Dos mazazos, dos Waterloo en 55 días.
En medio de una pandemia sin precedentes, entre septiembre y noviembre de 2020 Argentina perdió a dos de sus más grandes artistas: Diego Armando Maradona y Joaquín Salvador Lavado, Quino.
Si bien las muertes hundieron en la tristeza a cientos de miles de personas en todo el globo, es innegable que hay una dimensión de ellas, acaso un pliegue importante de la enorme superficie de esa pérdida, que le pertenece únicamente a los argentinos, no sólo porque nacieron aquí, sino por la relación recíproca que ambos urdieron con su tierra y con su tiempo. Uno desde el humor y el otro desde el deporte supieron alcanzar mucho más que la cúspide de sus actividades: amados y celebrados, se convirtieron en símbolos socioculturales, sintonizaron con la época y fueron universales pero inextricablemente argentinos.

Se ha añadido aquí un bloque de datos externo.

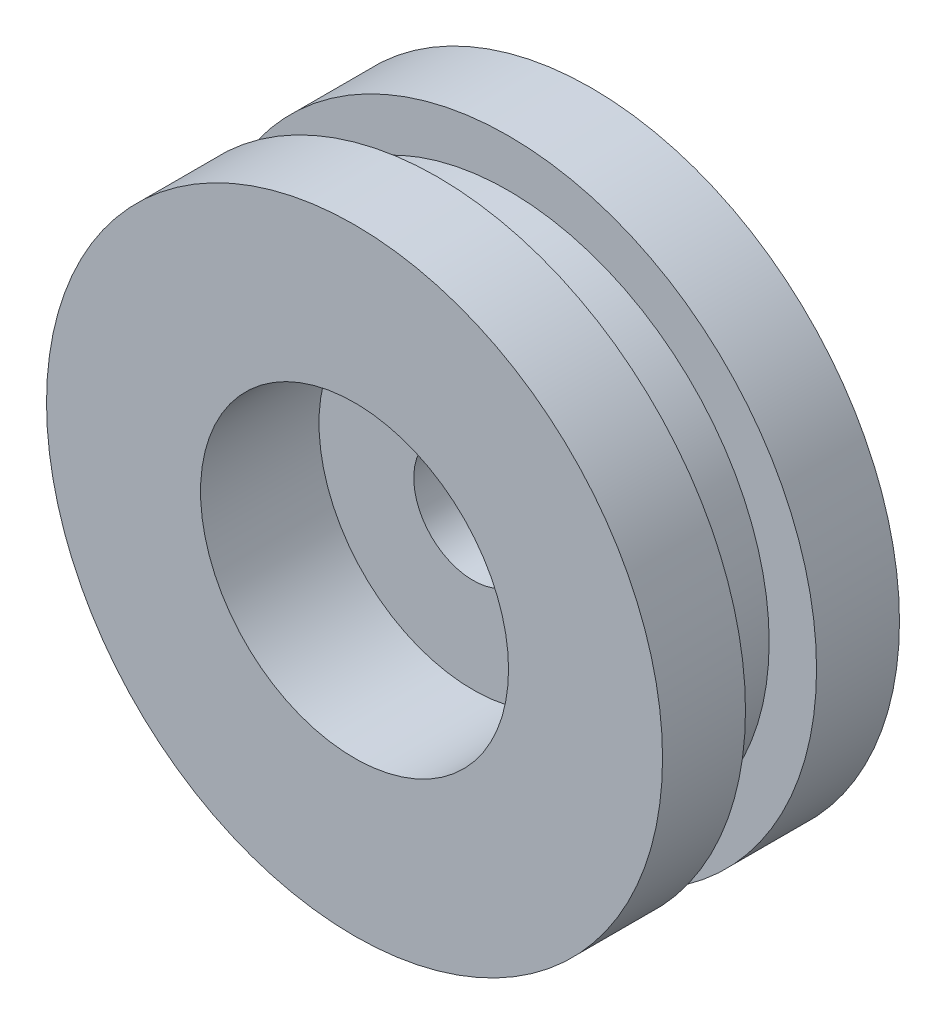
SolidWorks part; units mm, degrees
material "Gray Cast Iron (SN)"
ref_plane "Front Plane" through (0, 0, 0) normal (0, 0, 1) x (1, 0, 0)
ref_plane "Top Plane" through (0, 0, 0) normal (0, 1, 0) x (1, 0, 0)
ref_plane "Right Plane" through (0, 0, 0) normal (1, 0, 0) x (0, 0, -1)
sketch "Sketch1" plane through (0, 0, 0) normal (0, 0, 1) x (1, 0, 0)
  circle A0 centre (0, 0) radius 13
  circle A1 centre (0, 0) radius 11
  circle A2 centre (0, 0) radius 6.5
  circle A3 centre (0, 0) radius 2.5
  dimension "D1" = 26
  dimension "D2" = 22
  dimension "D3" = 5
  dimension "13" = 13
extrude "Boss-Extrude1" add sketch "Sketch1" along normal mid plane 10 contours A1 A2 region at (-10.6889, 0, 0)
extrude "Boss-Extrude2" add sketch "Sketch1<3>" along normal blind 3.5 from offset 1.5 contours A0 A1 region at (-12.6323, 0, 0)
sketch "Sketch1<3>" plane through (0, 0, 0) normal (0, 0, 1) x (1, 0, 0) same geometry as "Sketch1"
extrude "Boss-Extrude3" add sketch "Sketch1<5>" against normal blind 5 contours A2 A3 region at (-6.3162, 0, 0)
sketch "Sketch1<5>" plane through (0, 0, 0) normal (0, 0, 1) x (1, 0, 0) same geometry as "Sketch1"
cosmetic thread "Cosmetic Thread1" parameters "D2"=6
extrude "Boss-Extrude4" add sketch "Sketch1<6>" against normal blind 3.5 from offset 1.5 contours A0 A1 region at (-12.6323, 0, 0) offset against normal yes
sketch "Sketch1<6>" plane through (0, 0, 0) normal (0, 0, 1) x (1, 0, 0) same geometry as "Sketch1"
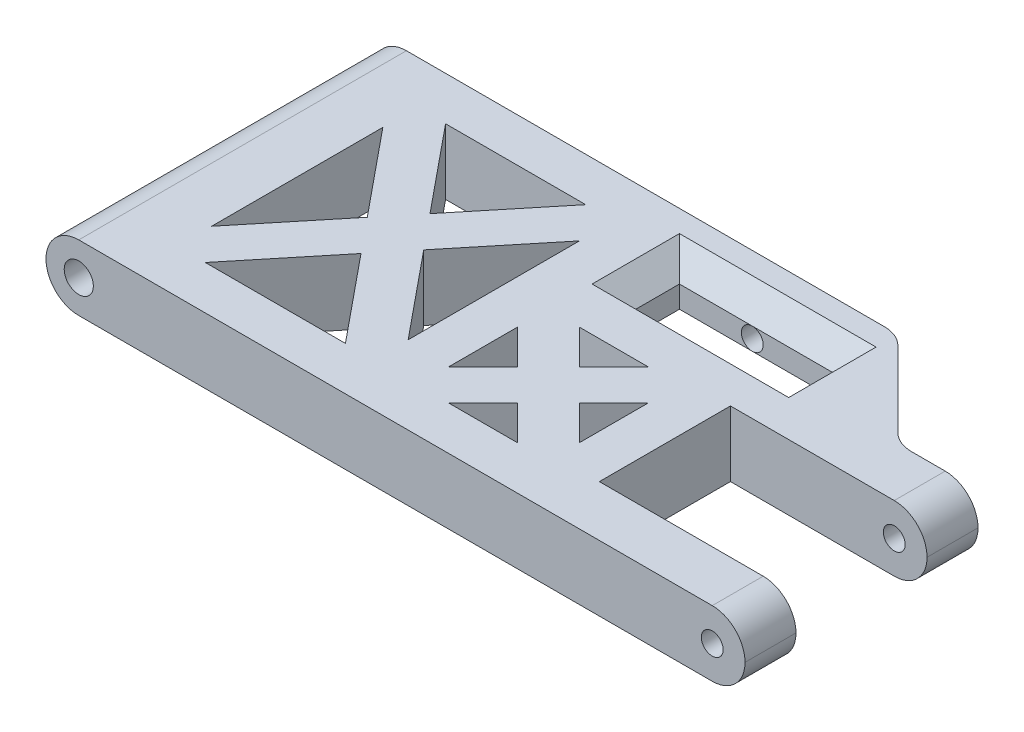
SolidWorks part; units mm, degrees
ref_plane "Front Plane" through (0, 0, 0) normal (0, 0, 1) x (1, 0, 0)
ref_plane "Top Plane" through (0, 0, 0) normal (0, 1, 0) x (1, 0, 0)
ref_plane "Right Plane" through (0, 0, 0) normal (1, 0, 0) x (0, 0, -1)
sketch "Sketch1" plane through (0, 0, 0) normal (0, 1, 0) x (1, 0, 0)
  line L1 (0, 0) -> (72, 0)
  line L2 (0, 0) -> (0, 45)
  line L3 (0, 45) -> (72, 45)
  line L4 (72, 0) -> (72, 45)
extrude "Boss-Extrude1" add sketch "Sketch1" along normal blind 9
sketch "Sketch3" plane through (0, 0, 0) normal (0, 1, 0) x (1, 0, 0)
  line L1 (69, 32) -> (96, 32)
  line L2 (69, 32) -> (69, 25)
  line L3 (69, 25) -> (96, 25)
  line L4 (96, 32) -> (96, 25)
extrude "Boss-Extrude3" add sketch "Sketch3" along normal blind 9
sketch "Sketch4" plane through (0, 0, 0) normal (0, 1, 0) x (1, 0, 0)
  line L2 (69, 0) -> (96, 0)
  line L3 (69, 0) -> (69, 7)
  line L4 (69, 7) -> (96, 7)
  line L5 (96, 0) -> (96, 7)
  point P0 (48.3281, 13.8634)
extrude "Boss-Extrude4" add sketch "Sketch4" along normal blind 9
sketch "Sketch5" plane through (0, 9, 0) normal (0, 1, 0) x (1, 0, 0)
  line L1 (72, 25) -> (69, 25)
  line L2 (72, 25) -> (72, 7)
  line L3 (72, 7) -> (69, 7)
  line L4 (69, 25) -> (69, 7)
extrude "Cut-Extrude1" cut sketch "Sketch5" against normal blind 9
sketch "Sketch6" plane through (0, 9, 0) normal (0, 1, 0) x (1, 0, 0)
  line L0 (72, 45) -> (72, 32)
  line L1 (72, 32) -> (85, 32)
  line L2 (96, 32) -> (72, 32) construction
  line L3 (85, 32) -> (72, 45)
extrude "Boss-Extrude5" add sketch "Sketch6" against normal blind 9
fillet "Fillet1" radius 4.5 8 edges at (0, 0, -22.5) (0, 9, -22.5) (72, 4.5, -45) (85, 4.5, -32) (96, 0, -3.5) (96, 9, -3.5) (96, 0, -28.5) (96, 9, -28.5)
hole_wizard "Ø4.0mm Dowel Hole1" positions "Sketch7" profile "Sketch8" hole size "Ø4.0" standard "ANSI Metric" end condition through all
sketch "Sketch7" plane through (0, 0, -45) normal (0, 0, -1) x (-1, 0, 0)
  point P0 (-4.5, 4.5)
  point P3 (0, 0)
sketch "Sketch8" plane through (4.5, 4.5, -45) normal (1, 0, 0) x (0, 1, 0)
  line L0 (0, 0) -> (0, 45)
  line L1 (0, 45) -> (2, 45)
  line L2 (2, 45) -> (2, 0)
  line L5 (2, 0) -> (0, 0)
  line L11 (0, -6.35) -> (0, 107.95) construction
  dimension "Thru Hole Dia." = 4
  dimension "Thru Hole Depth" = 45
hole_wizard "Ø3.0mm Dowel Hole1" positions "Sketch9" profile "Sketch10" hole size "Ø3.0" standard "ANSI Metric" end condition through all
sketch "Sketch9" plane through (0, 0, 0) normal (0, 0, 1) x (1, 0, 0)
  point P0 (91.5, 4.5)
  point P4 (0, 0)
sketch "Sketch10" plane through (91.5, 4.5, 0) normal (1, 0, 0) x (0, -1, 0)
  line L0 (0, 0) -> (0, 45)
  line L1 (0, 45) -> (1.5, 45)
  line L2 (1.5, 45) -> (1.5, 0)
  line L5 (1.5, 0) -> (0, 0)
  line L11 (0, -6.35) -> (0, 107.95) construction
  dimension "Thru Hole Dia." = 3
  dimension "Thru Hole Depth" = 45
sketch "Sketch12" plane through (0, 9, 0) normal (0, 1, 0) x (1, 0, 0)
  line L9 (48, 39) -> (69, 39)
  line L10 (48, 39) -> (48, 33)
  line L11 (48, 33) -> (69, 33)
  line L12 (69, 39) -> (69, 33)
  point P2 (0, 0)
  point P5 (0, 0)
  point P6 (0, 0)
extrude "Cut-Extrude3" cut sketch "Sketch12" against normal blind 9
chamfer "Chamfer1" distance 3 angle 45 8 edges at (58.5, 0, -33) (48, 0, -36) (58.5, 0, -39) (69, 0, -36) (69, 9, -36) (58.5, 9, -33) (48, 9, -36) (58.5, 9, -39)
hole_wizard "Ø3.0mm Dowel Hole2" positions "Sketch13" profile "Sketch15" hole size "Ø3.0" standard "ANSI Metric"
sketch "Sketch13" plane through (0, 0, -45) normal (0, 0, -1) x (-1, 0, 0)
  point P0 (-58, 4.5)
sketch "Sketch15" plane through (58, 4.5, -45) normal (1, 0, 0) x (0, 1, 0)
  line L0 (0, 0) -> (0, 18.9013)
  line L1 (0, 18.9013) -> (1.5, 18)
  line L2 (1.5, 18) -> (1.5, 0)
  line L5 (1.5, 0) -> (0, 0)
  line L10 (0, 18.9013) -> (-1.5, 18) construction
  line L11 (0, -6.35) -> (0, 107.95) construction
  dimension "Hole Dia." = 3
  dimension "Hole Depth" = 18
  dimension "Drill Angle" = 118
sketch "Sketch16" plane through (0, 9, 0) normal (0, 1, 0) x (1, 0, 0)
  line L0 (45, 30) -> (45, 42) construction
  line L1 (12, 39) -> (39, 39)
  line L2 (12, 39) -> (12, 6)
  line L3 (12, 6) -> (39, 6)
  line L4 (39, 39) -> (39, 6)
  line L5 (70.136, 45) -> (4.5, 45) construction
  line L6 (4.5, 0) -> (91.5, 0) construction
  line L7 (0, 0) -> (0, 45) construction
  line L8 (69, 25) -> (69, 7) construction
  line L9 (45, 24) -> (63, 24)
  line L10 (45, 24) -> (45, 6)
  line L11 (45, 6) -> (63, 6)
  line L12 (63, 24) -> (63, 6)
  line L13 (72, 30) -> (45, 30) construction
  dimension "D1" = 6
  dimension "D2" = 6
  dimension "D3" = 6
  dimension "D4" = 12
  dimension "D5" = 6
  dimension "D6" = 6
  dimension "D7" = 6
extrude "Cut-Extrude4" cut sketch "Sketch16" against normal blind 9
sketch "Sketch17" plane through (0, 9, 0) normal (0, 1, 0) x (1, 0, 0)
  line L1 (39, 6) -> (41.3219, 7.8997)
  line L2 (41.3219, 7.8997) -> (14.3219, 40.8997)
  line L3 (14.3219, 40.8997) -> (12, 39)
  line L4 (12, 39) -> (9.6781, 37.1003)
  line L5 (9.6781, 37.1003) -> (36.6781, 4.1003)
  line L6 (36.6781, 4.1003) -> (39, 6)
  point P8 (36.7812, 3.9809)
  dimension "D1" = 3
  dimension "D2" = 3
extrude "Boss-Extrude7" add sketch "Sketch17" against normal blind 9
sketch "Sketch18" plane through (0, 9, 0) normal (0, 1, 0) x (1, 0, 0)
  line L0 (12, 6) -> (14.3219, 4.1003)
  line L1 (14.3219, 4.1003) -> (41.3219, 37.1003)
  line L3 (39, 39) -> (41.3219, 37.1003)
  line L4 (39, 39) -> (36.6781, 40.8997)
  line L5 (36.6781, 40.8997) -> (9.6781, 7.8997)
  line L6 (9.6781, 7.8997) -> (12, 6)
  point P4 (0, 0)
extrude "Boss-Extrude8" add sketch "Sketch18" against normal blind 9
sketch "Sketch19" plane through (0, 9, 0) normal (0, 1, 0) x (1, 0, 0)
  line L1 (45, 6) -> (42.8787, 8.1213)
  line L2 (42.8787, 8.1213) -> (60.8787, 26.1213)
  line L3 (60.8787, 26.1213) -> (63, 24)
  line L4 (65.1213, 21.8787) -> (47.1213, 3.8787)
  line L5 (47.1213, 3.8787) -> (45, 6)
  line L6 (63, 24) -> (65.1213, 21.8787)
  line L8 (63, 6) -> (65.1213, 8.1213)
  line L9 (65.1213, 8.1213) -> (47.1213, 26.1213)
  line L10 (47.1213, 26.1213) -> (45, 24)
  line L11 (42.8787, 21.8787) -> (60.8787, 3.8787)
  line L12 (60.8787, 3.8787) -> (63, 6)
  line L13 (45, 24) -> (42.8787, 21.8787)
  line M27 (63, 6) -> (45, 6)
  line M28 (45, 6) -> (45, 24)
  line M29 (45, 24) -> (63, 24)
  line M30 (63, 24) -> (63, 6)
extrude "Boss-Extrude10" add sketch "Sketch19" against normal blind 9 contours L4 L11 L9 M27 M30 | L11 L2 L9 M28 M29 | L9 L4 L2 M30 M29 | L11 L2 L4 M28 M27 | L2 L11 L4 L9 region at (48.9374, 9, -9.9374) region at (54, 9, -15) region at (59.0626, 9, -9.9374) region at (48.9374, 9, -20.0626) region at (59.0626, 9, -20.0626)
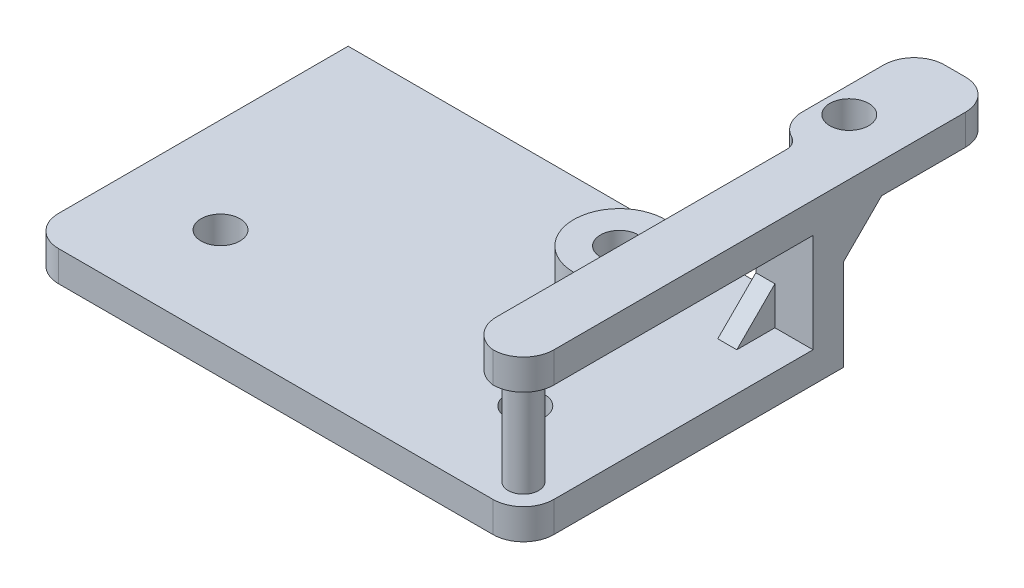
SolidWorks part; units mm, degrees
ref_plane "Front Plane" through (0, 0, 0) normal (0, 0, 1) x (1, 0, 0)
ref_plane "Top Plane" through (0, 0, 0) normal (0, 1, 0) x (1, 0, 0)
ref_plane "Right Plane" through (0, 0, 0) normal (1, 0, 0) x (0, 0, -1)
sketch "Sketch1" plane through (0, 0, 0) normal (0, 1, 0) x (1, 0, 0)
  line L1 (4, 0) -> (61, 0)
  line L2 (0, 4) -> (0, 42)
  line L3 (0, 42) -> (65, 42)
  line L4 (65, 4) -> (65, 42)
  arc A0 (65, 4) -> (61, 0) centre (61, 4) cw
  arc A1 (0, 4) -> (4, 0) centre (4, 4) ccw
  circle A2 centre (12.5, 12.75) radius 2.55
  circle A3 centre (52.5, 12.75) radius 2.55
  point P7 (65, 0)
  point P10 (0, 0)
  dimension "D3" = 4
  dimension "D8" = 5.1
  dimension "D9" = 5.1
  dimension "D1" = 42
  dimension "D2" = 65
  dimension "D4" = 12.75
  dimension "D5" = 40
  dimension "D6" = 12.75
  dimension "D7" = 12.5
extrude "Boss-Extrude1" add sketch "Sketch1" along normal blind 4
sketch "Sketch2" plane through (0, 4, 0) normal (0, 1, 0) x (1, 0, 0)
  line L0 (0, 42) -> (0, 4) construction
  line L1 (65, 42) -> (0, 42)
  line L2 (65, 42) -> (65, 38)
  line L3 (65, 38) -> (0, 38)
  line L4 (0, 42) -> (0, 38)
  circle A0 centre (61, 4) radius 2
  circle A1 centre (4, 4) radius 2
  dimension "D1" = 4
  dimension "D2" = 4
  dimension "D3" = 4
extrude "Boss-Extrude2" add sketch "Sketch2" along normal blind 13
sketch "Sketch3" plane through (0, 17, 0) normal (0, 1, 0) x (1, 0, 0)
  line L0 (4, 0) -> (61, 0) construction
  line L1 (0, 42) -> (65, 42)
  line L2 (0, 42) -> (0, 4)
  line L3 (4, 0) -> (61, 0)
  line L4 (65, 42) -> (65, 4)
  arc A0 (0, 4) -> (4, 0) centre (4, 4) ccw
  arc A1 (61, 0) -> (65, 4) centre (61, 4) ccw
  dimension "D1" = 4
  dimension "D2" = 0
  dimension "D3" = 65
extrude "Boss-Extrude3" add sketch "Sketch3" along normal blind 4
sketch "Sketch4" plane through (0, 0, -42) normal (0, 0, -1) x (-1, 0, 0)
  line L0 (-65, 21) -> (-65, 0) construction
  line L1 (-65, 17) -> (0, 17)
  line L2 (-65, 17) -> (-65, 21)
  line L3 (-65, 21) -> (0, 21)
  line L4 (0, 17) -> (0, 21)
  dimension "D1" = 4
extrude "Boss-Extrude4" add sketch "Sketch4" along normal blind 20
fillet "Fillet1" radius 4 2 edges at (65, 19, -62) (0, 19, -62)
sketch "Sketch6" plane through (0, 21, 0) normal (0, 1, 0) x (1, 0, 0)
  line L0 (65, 50.1043) -> (57.65, 50.1043)
  line L1 (4, 62) -> (61, 62) construction
  line L2 (57.65, 0) -> (57.65, 62)
  line L3 (65, 4) -> (65, 58) construction
  line L6 (45.5, 32.1043) -> (65, 32.1043)
  line L8 (45.5, 0) -> (45.5, 62)
  circle A0 centre (57.65, 50.1043) radius 2.55
  circle A1 centre (45.5, 32.1043) radius 2.55
  dimension "D2" = 5.1
  dimension "D3" = 0
  dimension "D4" = 5.1
  dimension "D1" = 62
  dimension "D5" = 62
  dimension "D6" = 29.8957
  dimension "D7" = 11.8957
  dimension "D8" = 0
  dimension "D9" = 0
  dimension "D10" = 7.35
  dimension "D11" = 12.15
  dimension "D12" = 7.35
  dimension "D13" = 11.8957
  dimension "D14" = 29.8957
extrude "Cut-Extrude1" cut sketch "Sketch6" against normal blind 20 contours L8 A1 | L8 A1 L6 | L6 A1 L8 | L2 A0 L0 | A0 region at (58.7323, 21, -49.0221) region at (46.5823, 21, -31.0221) region at (46.5823, 21, -33.1866) region at (44.4177, 21, -32.1043)
sketch "Sketch7" plane through (0, 0, 0) normal (0, 0, 1) x (1, 0, 0)
  line L0 (4, 21) -> (61, 21) construction
  line L1 (50, 21) -> (0, 21)
  line L2 (50, 21) -> (50, 0)
  line L3 (50, 0) -> (0, 0)
  line L4 (0, 21) -> (0, 0)
  line L5 (50, 4) -> (0, 4)
  line L6 (4, 4) -> (61, 4) construction
  line M5 (4, 17) -> (61, 17)
  line M7 (61, 21) -> (4, 21)
  line M8 (4, 21) -> (4, 17)
  dimension "D1" = 50
extrude "Cut-Extrude2" cut sketch "Sketch7" against normal blind 80 contours L5 L2 L1 L4 M5 M8 | L2 M7 M8 M5 region at (27, 19, 0) region at (24.4474, 10.7042, 0)
ref_plane "Plane1" through (57.5, 0, 0) normal (1, 0, 0) x (0, 0, -1)
sketch "Sketch10" plane through (57.5, 0, 0) normal (1, 0, 0) x (0, 0, -1)
  line L0 (33, 4) -> (38, 9)
  line L1 (4, 4) -> (38, 4) construction
  line L2 (38, 17) -> (38, 4) construction
  line L3 (38, 9) -> (38, 4)
  line L4 (38, 4) -> (33, 4)
  dimension "D1" = 5
  dimension "D2" = 5
extrude "Boss-Extrude6" add sketch "Sketch10" along normal blind 2.5 and the other way blind 2.5
sketch "Sketch11" plane through (0, 21, 0) normal (0, 1, 0) x (1, 0, 0)
  line L0 (57.5, 0) -> (57.5, 42)
  line L1 (50, 0) -> (61, 0) construction
  line L2 (57.5, -11.55) -> (57.5, 11.55) construction
  line L4 (50, 62) -> (50, 0) construction
  line L6 (50, 44) -> (50, 0)
  line L7 (50, 0) -> (57.5, 0)
  line L8 (55.5, 44) -> (50, 44)
  arc A2 (57.5, 42) -> (55.5, 44) centre (55.5, 42) ccw
  point P12 (57.5, 31)
  point P13 (57.5, 44)
  point P15 (50, 31)
  line M10 (50, 62) -> (50, 0)
  line M11 (50, 0) -> (61, 0)
  dimension "D1" = 44
  dimension "D3" = 2
  dimension "D2" = 7.5
extrude "Cut-Extrude3" cut sketch "Sketch11" against normal up to surface (17 mm away) contours L0 M10 M11 region at (53.7414, 21, -21.9438) up to face at (52.5, 4, -10.2)
fillet "Fillet2" radius 4 1 edges at (57.5, 19, 0)
sketch "Sketch8" plane through (0, 4, 0) normal (0, 1, 0) x (1, 0, 0)
  circle A0 centre (45.5, 32.1043) radius 6
  circle A1 centre (45.5, 32.1043) radius 2.5
  dimension "D1" = 5
  dimension "D2" = 12
extrude "Boss-Extrude5" add sketch "Sketch8" along normal blind 5
fillet "Fillet3" radius 4 1 edges at (50, 19, -62)
sketch "Sketch12" plane through (57.5, 0, 0) normal (1, 0, 0) x (0, 0, -1)
  line L0 (42, 12) -> (47, 17)
  line L1 (42, 17) -> (42, 0) construction
  line L2 (58, 17) -> (42, 17) construction
  line L3 (47, 17) -> (42, 17)
  line L4 (42, 17) -> (42, 12)
  dimension "D1" = 5
  dimension "D2" = 5
extrude "Boss-Extrude7" add sketch "Sketch12" along normal up to surface (7.5 mm away) from offset 4 up to face at (65, 11.8, -29.2)
sketch "Sketch13" plane through (0, 0, 0) normal (0, -1, 0) x (1, 0, 0)
  circle A0 centre (45.5, -32.1043) radius 4.5
  dimension "D1" = 9
extrude "Cut-Extrude4" cut sketch "Sketch13" against normal blind 6
sketch "Sketch14" plane through (0, 21, 0) normal (0, 1, 0) x (1, 0, 0)
  line L0 (54.2644, 44) -> (54.2644, 62)
  line L1 (55.5, 44) -> (50, 44) construction
  line L2 (54, 62) -> (61, 62) construction
  line L3 (54.2644, 62) -> (40.9821, 62)
  line L4 (40.9821, 62) -> (40.9821, 44)
  line L5 (40.9821, 44) -> (54.2644, 44)
  line L6 (50, 58) -> (50, 44) construction
  dimension "D1" = 13.2823
  dimension "D2" = 4.2644
extrude "Cut-Extrude5" cut sketch "Sketch14" against normal blind 6 contours L5 L0 L3 L4
fillet "Fillet5" radius 4 2 edges at (54.2644, 19, -62) (54.2644, 19, -44)

Ese escalafón del dolor, un dolor agónico y federal, aplastante y masivo, un dolor que, por si fuera poco, se suma al desasosiego que provoca la covid-19, se nutre y se ampara en una melancolía tan profunda como insondable; es un tipo de congoja por cuyas cavidades circula una especie de muda orfandad: la certeza de que hay algo que se extingue, el gemido de un cuerpo que se quiebra por dentro.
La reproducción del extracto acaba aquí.